Hypothesis Testing

Quantitative Methods

Hypothesis Tests for Finance

Learning Outcome Statement:

explain hypothesis testing and its components, including statistical significance, Type I and Type II errors, and the power of a test.

Summary:

Hypothesis testing is a statistical method used to make decisions about a population based on sample data. It involves formulating a null hypothesis (H0) and an alternative hypothesis (Ha), choosing an appropriate test statistic and its distribution, specifying a significance level, and making a decision based on the calculated test statistic compared to critical values. The process aims to control the risks of Type I and Type II errors, which are false positives and false negatives, respectively.

Key Concepts:

Null and Alternative Hypotheses

The null hypothesis (H0) is a statement assumed to be true unless evidence suggests otherwise, while the alternative hypothesis (Ha) is considered if the null is rejected. These hypotheses are mutually exclusive and collectively exhaustive.
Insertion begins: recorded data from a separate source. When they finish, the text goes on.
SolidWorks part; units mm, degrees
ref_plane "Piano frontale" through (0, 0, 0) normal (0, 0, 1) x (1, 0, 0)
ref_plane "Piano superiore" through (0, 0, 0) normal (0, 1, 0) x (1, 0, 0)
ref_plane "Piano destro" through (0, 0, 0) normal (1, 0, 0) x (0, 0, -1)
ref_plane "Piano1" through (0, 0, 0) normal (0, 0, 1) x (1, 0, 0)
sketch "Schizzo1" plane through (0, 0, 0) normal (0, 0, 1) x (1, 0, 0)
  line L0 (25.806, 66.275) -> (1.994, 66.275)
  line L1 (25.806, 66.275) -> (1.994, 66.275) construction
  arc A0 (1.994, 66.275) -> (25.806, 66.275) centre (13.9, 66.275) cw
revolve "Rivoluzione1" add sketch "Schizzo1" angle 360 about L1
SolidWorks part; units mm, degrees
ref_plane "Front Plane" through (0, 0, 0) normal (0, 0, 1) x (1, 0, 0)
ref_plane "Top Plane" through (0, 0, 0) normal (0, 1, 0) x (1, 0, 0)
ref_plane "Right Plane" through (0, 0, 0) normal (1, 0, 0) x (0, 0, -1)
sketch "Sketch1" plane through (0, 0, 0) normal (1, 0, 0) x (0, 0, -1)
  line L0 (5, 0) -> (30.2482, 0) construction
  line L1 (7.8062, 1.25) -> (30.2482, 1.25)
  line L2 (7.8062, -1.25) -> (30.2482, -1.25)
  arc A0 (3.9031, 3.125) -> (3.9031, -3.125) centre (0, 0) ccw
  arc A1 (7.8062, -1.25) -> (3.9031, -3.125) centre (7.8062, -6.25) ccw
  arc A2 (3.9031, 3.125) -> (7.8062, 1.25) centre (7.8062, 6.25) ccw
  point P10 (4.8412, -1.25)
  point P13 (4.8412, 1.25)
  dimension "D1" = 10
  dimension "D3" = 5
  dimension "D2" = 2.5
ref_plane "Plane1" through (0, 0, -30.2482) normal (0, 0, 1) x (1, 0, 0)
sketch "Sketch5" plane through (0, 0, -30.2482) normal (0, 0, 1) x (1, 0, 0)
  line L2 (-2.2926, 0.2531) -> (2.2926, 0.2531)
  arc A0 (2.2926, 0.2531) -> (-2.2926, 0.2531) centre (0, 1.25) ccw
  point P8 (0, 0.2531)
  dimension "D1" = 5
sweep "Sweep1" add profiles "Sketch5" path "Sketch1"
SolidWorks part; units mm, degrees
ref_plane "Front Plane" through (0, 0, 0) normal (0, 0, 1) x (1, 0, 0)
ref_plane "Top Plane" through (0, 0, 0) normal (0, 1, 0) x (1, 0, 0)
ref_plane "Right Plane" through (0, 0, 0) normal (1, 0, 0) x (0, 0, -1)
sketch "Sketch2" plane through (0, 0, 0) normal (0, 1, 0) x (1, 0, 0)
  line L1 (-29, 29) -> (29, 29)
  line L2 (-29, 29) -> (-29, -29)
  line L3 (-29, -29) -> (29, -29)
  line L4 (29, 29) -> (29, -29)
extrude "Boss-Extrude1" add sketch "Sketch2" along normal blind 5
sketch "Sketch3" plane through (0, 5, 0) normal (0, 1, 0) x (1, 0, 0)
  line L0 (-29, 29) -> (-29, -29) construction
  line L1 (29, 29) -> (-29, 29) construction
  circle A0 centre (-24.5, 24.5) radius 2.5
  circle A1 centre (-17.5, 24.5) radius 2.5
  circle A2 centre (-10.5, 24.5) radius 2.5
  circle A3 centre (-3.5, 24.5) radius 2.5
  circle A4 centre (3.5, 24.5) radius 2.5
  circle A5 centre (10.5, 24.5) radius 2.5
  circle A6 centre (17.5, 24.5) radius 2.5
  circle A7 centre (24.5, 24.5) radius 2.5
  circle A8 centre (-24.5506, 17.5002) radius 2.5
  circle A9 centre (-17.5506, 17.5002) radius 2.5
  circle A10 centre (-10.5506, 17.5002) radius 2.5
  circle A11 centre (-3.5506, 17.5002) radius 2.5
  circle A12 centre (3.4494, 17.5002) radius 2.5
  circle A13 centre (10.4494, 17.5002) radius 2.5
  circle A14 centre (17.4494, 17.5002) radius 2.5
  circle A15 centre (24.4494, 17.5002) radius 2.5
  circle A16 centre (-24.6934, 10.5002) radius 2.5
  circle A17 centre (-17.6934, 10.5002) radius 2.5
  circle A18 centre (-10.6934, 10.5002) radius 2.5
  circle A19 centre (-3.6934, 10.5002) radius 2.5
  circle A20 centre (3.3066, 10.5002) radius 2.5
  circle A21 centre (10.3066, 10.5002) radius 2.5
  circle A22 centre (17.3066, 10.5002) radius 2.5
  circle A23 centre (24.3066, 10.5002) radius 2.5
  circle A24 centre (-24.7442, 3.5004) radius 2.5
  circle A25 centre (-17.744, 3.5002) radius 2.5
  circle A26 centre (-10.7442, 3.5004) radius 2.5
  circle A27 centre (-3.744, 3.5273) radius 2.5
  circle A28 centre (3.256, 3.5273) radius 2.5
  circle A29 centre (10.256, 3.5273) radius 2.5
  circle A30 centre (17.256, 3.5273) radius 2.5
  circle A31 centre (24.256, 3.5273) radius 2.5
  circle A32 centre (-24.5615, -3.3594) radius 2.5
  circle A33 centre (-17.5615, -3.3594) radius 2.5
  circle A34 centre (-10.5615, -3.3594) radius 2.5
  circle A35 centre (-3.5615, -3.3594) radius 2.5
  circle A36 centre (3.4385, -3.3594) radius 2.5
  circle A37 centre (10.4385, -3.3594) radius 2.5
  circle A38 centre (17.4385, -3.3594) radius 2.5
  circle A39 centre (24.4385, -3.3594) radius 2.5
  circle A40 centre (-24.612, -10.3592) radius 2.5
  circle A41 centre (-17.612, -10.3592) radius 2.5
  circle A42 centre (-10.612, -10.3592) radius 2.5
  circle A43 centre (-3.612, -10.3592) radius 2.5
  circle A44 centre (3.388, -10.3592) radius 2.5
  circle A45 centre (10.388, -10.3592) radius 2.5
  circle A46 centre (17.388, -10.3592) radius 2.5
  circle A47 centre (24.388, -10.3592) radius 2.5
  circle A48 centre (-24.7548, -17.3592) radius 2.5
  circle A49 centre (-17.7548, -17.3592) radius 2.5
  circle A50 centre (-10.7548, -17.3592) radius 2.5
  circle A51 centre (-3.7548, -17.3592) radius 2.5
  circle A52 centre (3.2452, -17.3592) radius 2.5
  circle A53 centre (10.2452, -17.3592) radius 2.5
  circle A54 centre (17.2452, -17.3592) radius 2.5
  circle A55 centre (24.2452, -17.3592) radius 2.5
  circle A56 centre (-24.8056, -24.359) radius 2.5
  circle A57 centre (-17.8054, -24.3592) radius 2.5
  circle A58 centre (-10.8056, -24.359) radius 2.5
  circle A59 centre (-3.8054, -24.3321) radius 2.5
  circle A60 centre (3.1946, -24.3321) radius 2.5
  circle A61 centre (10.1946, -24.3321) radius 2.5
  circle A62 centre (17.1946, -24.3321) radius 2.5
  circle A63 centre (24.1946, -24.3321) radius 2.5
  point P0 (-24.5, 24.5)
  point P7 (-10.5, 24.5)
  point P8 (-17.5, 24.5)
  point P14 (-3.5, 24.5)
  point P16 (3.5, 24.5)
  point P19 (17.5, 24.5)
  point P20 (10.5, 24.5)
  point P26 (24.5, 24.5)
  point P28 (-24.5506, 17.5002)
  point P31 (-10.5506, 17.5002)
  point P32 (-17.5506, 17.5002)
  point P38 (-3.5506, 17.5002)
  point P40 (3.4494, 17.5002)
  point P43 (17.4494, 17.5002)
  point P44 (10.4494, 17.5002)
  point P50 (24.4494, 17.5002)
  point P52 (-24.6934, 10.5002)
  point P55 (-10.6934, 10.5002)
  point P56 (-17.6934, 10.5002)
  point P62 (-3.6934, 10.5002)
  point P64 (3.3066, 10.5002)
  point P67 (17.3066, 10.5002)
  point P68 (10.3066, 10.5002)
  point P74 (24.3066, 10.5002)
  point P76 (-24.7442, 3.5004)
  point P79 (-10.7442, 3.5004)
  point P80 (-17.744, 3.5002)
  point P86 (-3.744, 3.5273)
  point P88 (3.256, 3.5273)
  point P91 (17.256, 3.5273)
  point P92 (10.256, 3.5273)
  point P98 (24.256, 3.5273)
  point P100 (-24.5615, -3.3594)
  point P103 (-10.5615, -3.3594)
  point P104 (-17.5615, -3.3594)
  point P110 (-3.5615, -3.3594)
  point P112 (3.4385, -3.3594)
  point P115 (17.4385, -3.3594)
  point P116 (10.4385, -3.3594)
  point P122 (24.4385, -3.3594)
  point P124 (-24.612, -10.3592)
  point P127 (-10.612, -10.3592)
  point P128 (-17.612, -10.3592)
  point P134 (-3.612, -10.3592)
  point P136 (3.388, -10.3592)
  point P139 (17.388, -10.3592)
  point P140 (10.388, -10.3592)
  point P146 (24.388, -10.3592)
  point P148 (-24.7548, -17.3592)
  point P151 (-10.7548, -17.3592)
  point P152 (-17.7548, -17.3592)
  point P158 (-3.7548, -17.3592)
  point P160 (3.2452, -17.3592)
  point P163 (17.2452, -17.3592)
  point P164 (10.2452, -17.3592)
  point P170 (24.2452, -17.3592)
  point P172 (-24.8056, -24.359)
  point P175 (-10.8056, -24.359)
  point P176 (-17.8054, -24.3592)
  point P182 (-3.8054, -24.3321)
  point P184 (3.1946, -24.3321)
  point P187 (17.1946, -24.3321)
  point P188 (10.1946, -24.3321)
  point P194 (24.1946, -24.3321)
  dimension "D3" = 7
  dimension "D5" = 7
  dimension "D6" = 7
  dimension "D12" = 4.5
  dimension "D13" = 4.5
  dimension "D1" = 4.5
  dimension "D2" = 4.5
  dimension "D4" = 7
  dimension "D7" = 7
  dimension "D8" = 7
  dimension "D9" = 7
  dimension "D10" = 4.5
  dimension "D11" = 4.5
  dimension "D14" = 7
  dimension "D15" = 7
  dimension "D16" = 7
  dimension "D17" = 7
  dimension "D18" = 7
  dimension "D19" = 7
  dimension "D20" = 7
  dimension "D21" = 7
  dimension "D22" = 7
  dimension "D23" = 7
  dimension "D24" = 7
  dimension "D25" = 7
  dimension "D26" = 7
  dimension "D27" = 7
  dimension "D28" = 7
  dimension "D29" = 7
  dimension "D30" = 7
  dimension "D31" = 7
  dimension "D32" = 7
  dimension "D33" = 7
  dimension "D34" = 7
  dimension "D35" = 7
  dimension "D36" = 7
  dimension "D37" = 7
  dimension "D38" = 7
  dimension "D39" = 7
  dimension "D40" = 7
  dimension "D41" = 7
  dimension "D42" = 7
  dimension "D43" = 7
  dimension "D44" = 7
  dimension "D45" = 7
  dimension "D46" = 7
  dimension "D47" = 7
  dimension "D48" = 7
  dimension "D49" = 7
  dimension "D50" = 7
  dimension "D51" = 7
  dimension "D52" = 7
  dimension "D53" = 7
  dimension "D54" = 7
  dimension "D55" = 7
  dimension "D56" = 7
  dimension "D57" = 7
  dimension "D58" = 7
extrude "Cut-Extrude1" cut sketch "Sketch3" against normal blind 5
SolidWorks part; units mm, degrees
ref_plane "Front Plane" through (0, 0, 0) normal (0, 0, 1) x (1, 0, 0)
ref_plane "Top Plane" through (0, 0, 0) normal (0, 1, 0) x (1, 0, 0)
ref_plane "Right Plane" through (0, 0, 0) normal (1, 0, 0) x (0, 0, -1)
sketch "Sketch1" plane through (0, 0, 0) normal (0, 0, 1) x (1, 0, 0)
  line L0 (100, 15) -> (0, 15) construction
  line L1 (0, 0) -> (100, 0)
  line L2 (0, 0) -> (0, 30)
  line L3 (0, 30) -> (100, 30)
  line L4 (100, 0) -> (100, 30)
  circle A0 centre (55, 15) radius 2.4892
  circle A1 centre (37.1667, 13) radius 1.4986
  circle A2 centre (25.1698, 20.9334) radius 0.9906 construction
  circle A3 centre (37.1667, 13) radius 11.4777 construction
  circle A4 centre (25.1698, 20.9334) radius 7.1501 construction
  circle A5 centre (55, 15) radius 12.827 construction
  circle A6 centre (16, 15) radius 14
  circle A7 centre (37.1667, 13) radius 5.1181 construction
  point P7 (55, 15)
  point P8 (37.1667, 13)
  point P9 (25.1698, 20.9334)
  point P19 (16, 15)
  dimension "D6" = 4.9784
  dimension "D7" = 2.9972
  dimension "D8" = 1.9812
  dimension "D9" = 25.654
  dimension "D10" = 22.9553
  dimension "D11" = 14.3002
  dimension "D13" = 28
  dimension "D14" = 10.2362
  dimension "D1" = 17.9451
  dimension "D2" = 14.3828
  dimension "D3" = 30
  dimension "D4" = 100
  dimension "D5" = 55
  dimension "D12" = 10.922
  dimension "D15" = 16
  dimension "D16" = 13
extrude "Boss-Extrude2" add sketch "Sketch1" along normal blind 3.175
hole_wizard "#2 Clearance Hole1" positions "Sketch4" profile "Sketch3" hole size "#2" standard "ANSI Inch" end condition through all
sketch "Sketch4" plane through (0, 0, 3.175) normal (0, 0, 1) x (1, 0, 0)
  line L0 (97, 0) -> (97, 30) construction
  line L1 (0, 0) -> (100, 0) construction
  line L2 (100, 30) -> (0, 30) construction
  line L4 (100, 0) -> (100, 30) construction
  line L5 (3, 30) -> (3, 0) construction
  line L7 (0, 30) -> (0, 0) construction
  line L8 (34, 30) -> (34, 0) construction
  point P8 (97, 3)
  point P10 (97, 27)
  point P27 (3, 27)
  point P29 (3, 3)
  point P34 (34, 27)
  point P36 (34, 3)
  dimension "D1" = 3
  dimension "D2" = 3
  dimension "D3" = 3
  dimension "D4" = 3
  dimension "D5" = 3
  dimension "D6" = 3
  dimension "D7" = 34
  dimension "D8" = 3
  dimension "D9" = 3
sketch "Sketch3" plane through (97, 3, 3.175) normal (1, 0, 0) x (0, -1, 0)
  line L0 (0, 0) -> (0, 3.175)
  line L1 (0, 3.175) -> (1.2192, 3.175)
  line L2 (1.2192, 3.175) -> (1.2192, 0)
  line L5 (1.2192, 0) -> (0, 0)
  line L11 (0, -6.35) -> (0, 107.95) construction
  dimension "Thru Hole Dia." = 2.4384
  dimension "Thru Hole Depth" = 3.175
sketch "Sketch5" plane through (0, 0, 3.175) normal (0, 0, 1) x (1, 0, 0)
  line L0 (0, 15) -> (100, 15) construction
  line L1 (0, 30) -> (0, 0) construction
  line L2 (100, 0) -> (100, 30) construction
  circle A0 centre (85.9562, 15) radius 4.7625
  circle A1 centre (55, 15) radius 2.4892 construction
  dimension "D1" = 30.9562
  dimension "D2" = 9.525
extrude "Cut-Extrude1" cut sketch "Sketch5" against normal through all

Test Statistic and Distribution

A test statistic is calculated from sample data and compared against a theoretical distribution (e.g., t-distribution, Chi-square) to determine whether to reject H0.

Significance Level and Type I Error

The significance level (alpha, α) is the probability of rejecting a true null hypothesis (Type I error). Common levels are 5% or 1%, reflecting the risk of a false positive the researcher is willing to accept.

Type II Error and Power of a Test

Type II error (beta, β) is the risk of failing to reject a false null hypothesis. The power of a test (1 - β) is the probability of correctly rejecting a false null hypothesis, indicating the test's sensitivity.

Formulas:

Test Statistic for Single Mean

t = \frac{\bar{X} - \mu_0}{s / \sqrt{n}}

Calculates the t-statistic for testing a single population mean when the population standard deviation is unknown.

Variables:

$\bar{X}$ :: sample mean
$\mu_0$ :: hypothesized population mean
$s$ :: sample standard deviation
$n$ :: sample size

Units: unitless

Test Statistic for Difference in Means

t = \frac{(\bar{X}_{d1} - \bar{X}_{d2}) - (\mu_{d1} - \mu_{d2})}{\sqrt{\frac{s_p^2}{n_{d1}} + \frac{s_p^2}{n_{d2}}}}

Used to compare the means of two independent samples, assuming equal variances.

Variables:

$\bar{X}_{d1}, \bar{X}_{d2}$ :: sample means of two independent samples
$\mu_{d1}, \mu_{d2}$ :: hypothesized population means of the two samples
$s_p$ :: pooled standard deviation
$n_{d1}, n_{d2}$ :: sample sizes of the two samples

Units: unitless

Chi-Square Test Statistic for Variance

\chi^2 = \frac{(n-1)s^2}{\sigma_0^2}

Used to test a single population variance against a hypothesized value.

Variables:

$n$ :: sample size
$s$ :: sample standard deviation
$\sigma_0^2$ :: hypothesized population variance

Units: unitless

Tests of Return and Risk in Finance

Learning Outcome Statement:

construct hypothesis tests and determine their statistical significance, the associated Type I and Type II errors, and power of the test given a significance level

Summary:

This LOS covers various hypothesis testing methods used in finance to assess the risk and return characteristics of financial instruments or portfolios. It includes tests for single means and variances, differences between means (both dependent and independent samples), and equality of variances. The tests utilize t-distributions, chi-square distributions, and F-distributions, depending on the nature of the data and the hypothesis being tested.

Key Concepts:

Test of a Single Mean

Used to determine if the sample mean significantly differs from a known or hypothesized population mean using a t-distribution when the population standard deviation is unknown.

Test of a Single Variance

Used to assess if the sample variance significantly differs from a hypothesized variance using a chi-square distribution.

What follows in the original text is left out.